NOTE: If you haven’t been following this from the beginning, and if you want to know the full sequence of events, start with the introduction.  Click on Archives on the right. 

We are walking around the new exhibition, by Boris Tarantula at Prestige University Arts Center.

“ ‘In the Aggregate’,

New works in concrete by Boris Tarantula” 

says the red banner in white letters, stretched across the façade of the building on golden cords with tassels hanging from the knotted ends.

Steve Strether has parked and joins Artie Bliemischand me at the entrance where he dropped us off to spare Artie’s injured foot.  She leans on her walking stick, with lines of yellow and white stars spiraling up the deep green shaft from the bottom like a stellar barber pole.

“Look, there he is!”

“Who?”

“Seymour Van Rijn, Fred!”

“Who? That guy in the aviators?”

“No, he must be security, check his right ear.  No, I mean the old man … he is over ninety and still pretty active.  See him there, with Frank Vasari and the crowd around them?”

They are strolling along a sky-blue carpet that leads visitors into the gallery and around the exhibition then into the courtyard.

“Yes, isn’t that Gloriani, there too?”

“Always, Giuseppe is Boris’s shadow, agent, and fixer.  He set up the sponsorship.”

“What do you mean?”

“Gloriani got Seymour to foot the bill for this whole show.”

“You mean he owns this stuff.”

“He is donating it to P.U. after this.”

Steve takes Artie’s elbow as she looks down at her foot, wrapped with a protective black ‘Orthopedic Wedge Healing Shoe’ with white socked toes protruding through the open front.  She has painted it with orange and yellow paisleys.

“He is loaded, developed the Van Rijn estates out of cow pasture, back in the sixties, you know.”

“A far-sighted man, Steve!”

We enter the gallery which is dominated by a massive lump of unfinished concrete, roughly dome shaped, called “Mammon’s Pantheon.”

A helpful docent tells us,

“It weighs over fifteen-tons, made with coins from every country in the world, mixed into the cement, gravel and sand. Isn’t it a great idea?”

“Very clever.”

Steve speaks from behind a hand up at his beard.  The young docent smiles at Artie.

“Hi Professor, Bliemisch.”

“Jackie, you look great in that black outfit.”

“Thanks Professor Bliemisch.  Did you see the show go up?”

“No, I was long gone. So, Jackie, how much dough did he mix into this thing?”

“The total value is said to be worth over two hundred thousand dollars.”

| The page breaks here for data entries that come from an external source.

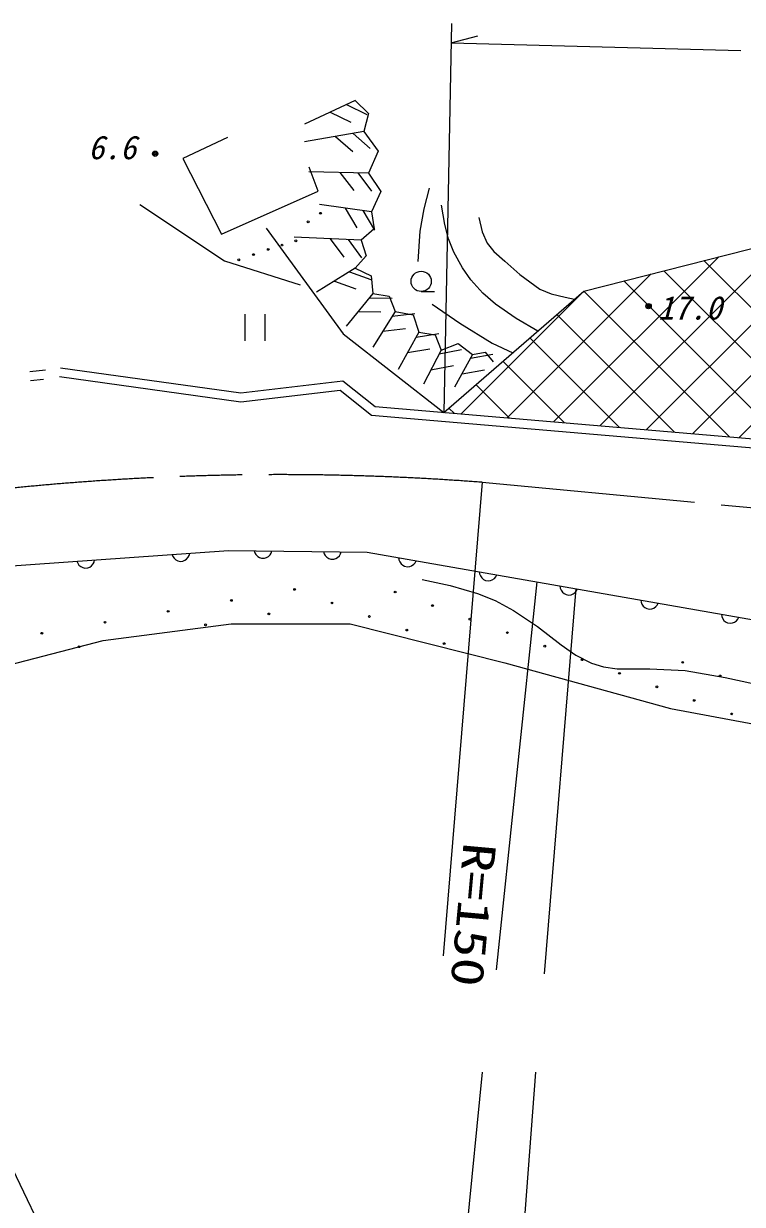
# Model space of a CAD drawing. Units: millimetres, scale not verified. Extents: x 27351 to 680000, y 20000 to 380000.
# Drawn here: x 376306 to 416718, y 264581 to 330962 of the extents above; entities that cross this region are included whole.
import ezdxf
from ezdxf.enums import TextEntityAlignment as Align

# ---------------------------------------------------------------- set-up
doc = ezdxf.new("R2010")
doc.units = ezdxf.units.MM
doc.header["$LTSCALE"] = 1000
doc.linetypes.add('CHAIN', pattern=[18.5, 12, -1.5, 3.5, -1.5])
for name, color, linetype, lineweight in [('M-BGD', 7, 'Continuous', 25), ('M-BMK', 2, 'CHAIN', 13), ('M-STR-HTXT', 7, 'Continuous', 13)]:
    doc.layers.add(name, color=color, linetype=linetype, lineweight=lineweight)
doc.styles.add('ＭＳ ゴシック', font='')
doc.styles.get('ＭＳ ゴシック').set_extended_font_data('MS Gothic')

msp = doc.modelspace()

# ---------------------------------------------------------------- linework, layer by layer
at = {"layer": 'M-BGD'}
for p, q in [((394942, 326649), (392101, 325312)), ((394942, 326649), (395694, 325915)), ((393546, 325993), (394696, 325429)), ((394451, 326418), (395601, 325854)), ((395694, 325915), (395443, 324894)), ((395443, 324894), (392101, 324310)), ((393849, 324616), (394810, 323768)), ((394834, 324788), (395795, 323941)), ((395443, 324894), (396237, 323796)), ((387764, 324558), (385257, 323388)), ((385257, 323388), (387429, 319126)), ((396237, 323796), (395694, 322555)), ((395694, 322555), (392351, 322638)), ((392861, 321549), (392360, 322886)), ((394091, 322595), (394866, 321575)), ((395091, 322570), (395866, 321550)), ((395694, 322555), (396398, 321516)), ((387429, 319126), (392861, 321549)), ((396398, 321516), (395861, 320382)), ((382834, 320797), (387597, 317622)), ((395861, 320382), (392936, 320800)), ((394390, 320592), (395040, 319489)), ((395379, 320451), (396030, 319348)), ((395861, 320382), (396022, 319421)), ((407795, 315921), (425510, 320433)), ((426433, 320417), (413919, 307902)), ((429213, 320368), (416525, 307680)), ((389936, 319460), (394281, 313527)), ((396022, 319421), (395276, 318795)), ((422976, 319787), (411313, 308125)), ((395276, 318795), (391516, 318962)), ((393548, 318871), (394303, 317837)), ((394547, 318827), (395302, 317792)), ((395276, 318795), (395562, 317905)), ((419181, 318821), (408707, 308348)), ((387597, 317622), (391858, 316285)), ((395562, 317905), (394942, 317207)), ((415385, 317854), (406102, 308570)), ((414558, 317643), (425268, 306933)), ((394942, 317207), (392769, 315870)), ((394631, 317015), (395836, 316583)), ((394942, 317207), (395849, 316783)), ((395849, 316783), (395944, 315786)), ((411590, 316887), (403496, 308793)), ((412304, 317069), (422176, 307197)), ((393779, 316491), (394984, 316059)), ((410049, 316495), (419083, 307461)), ((395944, 315786), (394440, 313948)), ((395746, 315544), (397027, 315530)), ((395944, 315786), (396858, 315643)), ((396858, 315643), (397198, 314784)), ((398658, 315901), (399408, 315901)), ((399929, 309097), (407795, 315921)), ((407795, 315921), (400890, 309015)), ((407795, 315921), (415990, 307725)), ((395113, 314770), (396394, 314756)), ((397198, 314784), (395944, 312778)), ((397034, 314521), (398306, 314670)), ((397198, 314784), (398201, 314581)), ((388741, 314634), (388741, 313134)), ((389881, 313134), (389881, 314634)), ((398201, 314581), (398535, 313614)), ((406281, 314607), (412898, 307990)), ((394281, 313527), (399929, 309097)), ((396504, 313673), (397776, 313822)), ((398535, 313614), (397365, 311525)), ((398379, 313336), (399643, 313545)), ((398535, 313614), (399448, 313470)), ((399448, 313470), (399788, 312611)), ((397891, 312464), (399154, 312673)), ((399788, 312611), (400737, 312987)), ((400737, 312987), (401543, 312360)), ((404766, 313293), (409805, 308254)), ((399788, 312611), (398786, 310689)), ((399672, 312389), (400929, 312636)), ((401543, 312360), (400540, 310522)), ((401434, 312160), (402695, 312383)), ((401543, 312360), (402247, 312486)), ((402247, 312486), (402713, 311943)), ((376662, 311398), (377538, 311507)), ((378389, 311610), (388519, 310199)), ((399210, 311502), (400467, 311749)), ((400955, 311282), (402216, 311506)), ((403251, 311979), (406713, 308518)), ((377428, 310959), (376689, 310877)), ((378320, 311115), (388514, 309695)), ((388519, 310199), (394263, 310885)), ((394263, 310885), (396063, 309428)), ((401737, 310666), (403620, 308782)), ((388514, 309695), (394113, 310363)), ((394113, 310363), (395868, 308942)), ((396063, 309428), (439748, 305696)), ((400222, 309352), (400527, 309046)), ((395868, 308942), (439720, 305197)), ((371051, 300149), (387822, 301347)), ((379303, 300739), (379351, 300622)), ((380269, 300687), (380300, 300810)), ((384650, 301120), (384698, 301004)), ((384698, 301004), (384765, 300908)), ((384765, 300908), (384872, 300816)), ((384872, 300816), (384976, 300763)), ((384976, 300763), (385099, 300731)), ((385099, 300731), (385258, 300743)), ((385258, 300743), (385375, 300791)), ((385375, 300791), (385470, 300858)), ((385470, 300858), (385563, 300965)), ((385563, 300965), (385616, 301069)), ((385616, 301069), (385647, 301192)), ((387822, 301347), (395613, 301251)), ((389270, 301329), (389308, 301209)), ((389308, 301209), (389367, 301108)), ((389367, 301108), (389466, 301007)), ((389466, 301007), (389565, 300945)), ((389565, 300945), (389684, 300904)), ((389684, 300904), (389844, 300902)), ((389844, 300902), (389965, 300941)), ((389965, 300941), (390066, 300999)), ((390066, 300999), (390167, 301098)), ((390167, 301098), (390228, 301197)), ((390228, 301197), (390270, 301317)), ((393165, 301281), (393204, 301160)), ((393204, 301160), (393263, 301060)), ((393263, 301060), (393361, 300959)), ((393361, 300959), (393461, 300897)), ((393461, 300897), (393580, 300856)), ((393580, 300856), (393740, 300854)), ((393740, 300854), (393861, 300892)), ((393861, 300892), (393961, 300951)), ((393961, 300951), (394062, 301050)), ((394062, 301050), (394124, 301149)), ((394124, 301149), (394165, 301269)), ((395613, 301251), (418297, 297281)), ((397389, 300940), (397408, 300815)), ((397408, 300815), (397450, 300706)), ((398314, 300656), (398374, 300767)), ((379351, 300622), (379418, 300526)), ((379418, 300526), (379525, 300434)), ((379525, 300434), (379629, 300381)), ((379629, 300381), (379752, 300350)), ((379752, 300350), (379911, 300361)), ((379911, 300361), (380028, 300409)), ((380028, 300409), (380124, 300476)), ((380124, 300476), (380216, 300583)), ((380216, 300583), (380269, 300687)), ((397450, 300706), (397531, 300590)), ((397531, 300590), (397619, 300514)), ((397619, 300514), (397730, 300454)), ((397730, 300454), (397888, 300426)), ((397888, 300426), (398013, 300445)), ((398013, 300445), (398122, 300487)), ((398122, 300487), (398238, 300568)), ((398238, 300568), (398314, 300656)), ((401926, 300146), (401945, 300021)), ((401945, 300021), (401986, 299912)), ((401986, 299912), (402068, 299796)), ((402068, 299796), (402156, 299720)), ((402156, 299720), (402267, 299660)), ((402267, 299660), (402425, 299632)), ((402425, 299632), (402550, 299651)), ((402550, 299651), (402659, 299693)), ((402659, 299693), (402774, 299774)), ((402774, 299774), (402851, 299862)), ((402851, 299862), (402911, 299973)), ((406463, 299352), (406481, 299227)), ((406481, 299227), (406523, 299118)), ((406523, 299118), (406605, 299002)), ((406605, 299002), (406693, 298926)), ((406693, 298926), (406804, 298866)), ((406804, 298866), (406962, 298838)), ((406962, 298838), (407087, 298857)), ((407087, 298857), (407196, 298899)), ((407196, 298899), (407311, 298980)), ((407311, 298980), (407388, 299068)), ((407388, 299068), (407448, 299179)), ((411000, 298558), (411018, 298433)), ((411018, 298433), (411060, 298324)), ((411060, 298324), (411141, 298208)), ((411141, 298208), (411230, 298132)), ((411230, 298132), (411341, 298072)), ((411341, 298072), (411499, 298044)), ((411499, 298044), (411624, 298063)), ((411624, 298063), (411732, 298105)), ((411732, 298105), (411848, 298186)), ((411848, 298186), (411925, 298274)), ((411925, 298274), (411985, 298385)), ((415536, 297764), (415555, 297639)), ((415555, 297639), (415597, 297530)), ((415597, 297530), (415678, 297414)), ((415678, 297414), (415766, 297338)), ((416269, 297311), (416385, 297392)), ((416385, 297392), (416461, 297480)), ((416461, 297480), (416522, 297591)), ((380775, 296277), (387982, 297217)), ((387982, 297217), (394667, 297217)), ((394667, 297217), (403364, 295022)), ((415766, 297338), (415878, 297278)), ((415878, 297278), (416035, 297250)), ((416035, 297250), (416160, 297269)), ((416160, 297269), (416269, 297311)), ((375517, 294905), (380775, 296277)), ((403364, 295022), (412670, 292455)), ((412670, 292455), (423084, 290519))]:
    msp.add_line(p, q, dxfattribs=at)
for points in [[(399113, 321712), (398806, 320549), (398578, 319285), (398471, 317594)], [(405208, 313676), (403990, 314391), (402837, 315184), (402124, 315807), (401458, 316554), (400982, 317228), (400498, 318110), (400202, 318854), (399988, 319674), (399808, 320749)], [(401894, 320054), (402088, 319258), (402375, 318610), (402748, 318157), (403357, 317616), (404207, 316858), (405324, 316040), (405971, 315773), (406752, 315578), (407284, 315477)], [(399273, 315188), (400824, 314118), (402643, 312995), (403809, 312463)], [(398715, 299702), (400295, 299366), (401828, 298927), (402810, 298523), (403857, 297959), (405197, 297060), (406529, 296042), (407360, 295459), (408231, 295005), (408907, 294797), (409683, 294691), (411509, 294694), (413500, 294587), (415749, 294208), (418094, 293703)]]:
    msp.add_lwpolyline(points, dxfattribs=at)
for centre, radius in [((383702, 323649), 150), ((383702, 323649), 90), ((383702, 323649), 30), ((393001, 320302), 50), ((392306, 319820), 50), ((391611, 318751), 50), ((389231, 317975), 50), ((390060, 318269), 50), ((390835, 318510), 50), ((388402, 317681), 50), ((398658, 316471), 570), ((411442, 315077), 150), ((411442, 315077), 90), ((411442, 315077), 30), ((391541, 299153), 50), ((397195, 299007), 50), ((387988, 298537), 50), ((393643, 298391), 50), ((399298, 298245), 50), ((384435, 297921), 50), ((390090, 297775), 50), ((395745, 297629), 50), ((401400, 297483), 50), ((377330, 296690), 50), ((380883, 297306), 50), ((386538, 297160), 50), ((397848, 296868), 50), ((403503, 296722), 50), ((399950, 296106), 50), ((379432, 295929), 50), ((405605, 295960), 50), ((407707, 295198), 50), ((413362, 295052), 50), ((409810, 294437), 50), ((415465, 294291), 50), ((411912, 293675), 50), ((414014, 292914), 50), ((416117, 292152), 50)]:
    msp.add_circle(centre, radius, dxfattribs=at)
at = {"layer": 'M-BMK'}
msp.add_line((402086, 305174), (450559, 300629), dxfattribs=at)
msp.add_arc((390733, 155605), 150000, 85.65934, 103.7198, dxfattribs=at)
at = {"layer": 'M-STR-HTXT'}
for p, q in [((400358, 330962), (399929, 309097)), ((400337, 329886), (401848, 330266)), ((400337, 329886), (416624, 329451)), ((402086, 305174), (399893, 278557)), ((405156, 299581), (402866, 277765)), ((407354, 299196), (405577, 277543)), ((360472, 298201), (378958, 259755)), ((402083, 272020), (400885, 259910)), ((405086, 272020), (404172, 260008))]:
    msp.add_line(p, q, dxfattribs=at)

# ---------------------------------------------------------------- texts
at = {"layer": 'M-BGD', "style": 'ＭＳ ゴシック', "oblique": 15}
for s, p in [('6.6', (379939, 322944)), ('17.0', (411968, 313927))]:
    msp.add_text(s, height=1320, dxfattribs=at).set_placement(p, align=Align.BOTTOM_LEFT)
at = {"layer": 'M-STR-HTXT', "style": 'ＭＳ ゴシック', "width": 1.3}
msp.add_text('R=150', height=1833, rotation=264.8, dxfattribs=at).set_placement((400501, 285032), align=Align.BOTTOM_LEFT)

doc.saveas('drawing.dxf')

Jackie looks over her shoulder.

“Sorry, I got to go!”

“Jackie was in my drawing class, Fred.”

“I didn’t know you were teaching here.”

“I am not.  It barely lasted one semester.”

“When was that?”

“About a year or so ago, well maybe two.  I don’t want to remember any of it. I think they gave the position to Daisy Briscoe.”

“They keep the students busy around here.”

We look more closely and find facets of various coins emerging from the aggregate like gifts. Steve walks around the piece and comes back.

“I think I saw tiny bit of a Krugerrand protruding back there.”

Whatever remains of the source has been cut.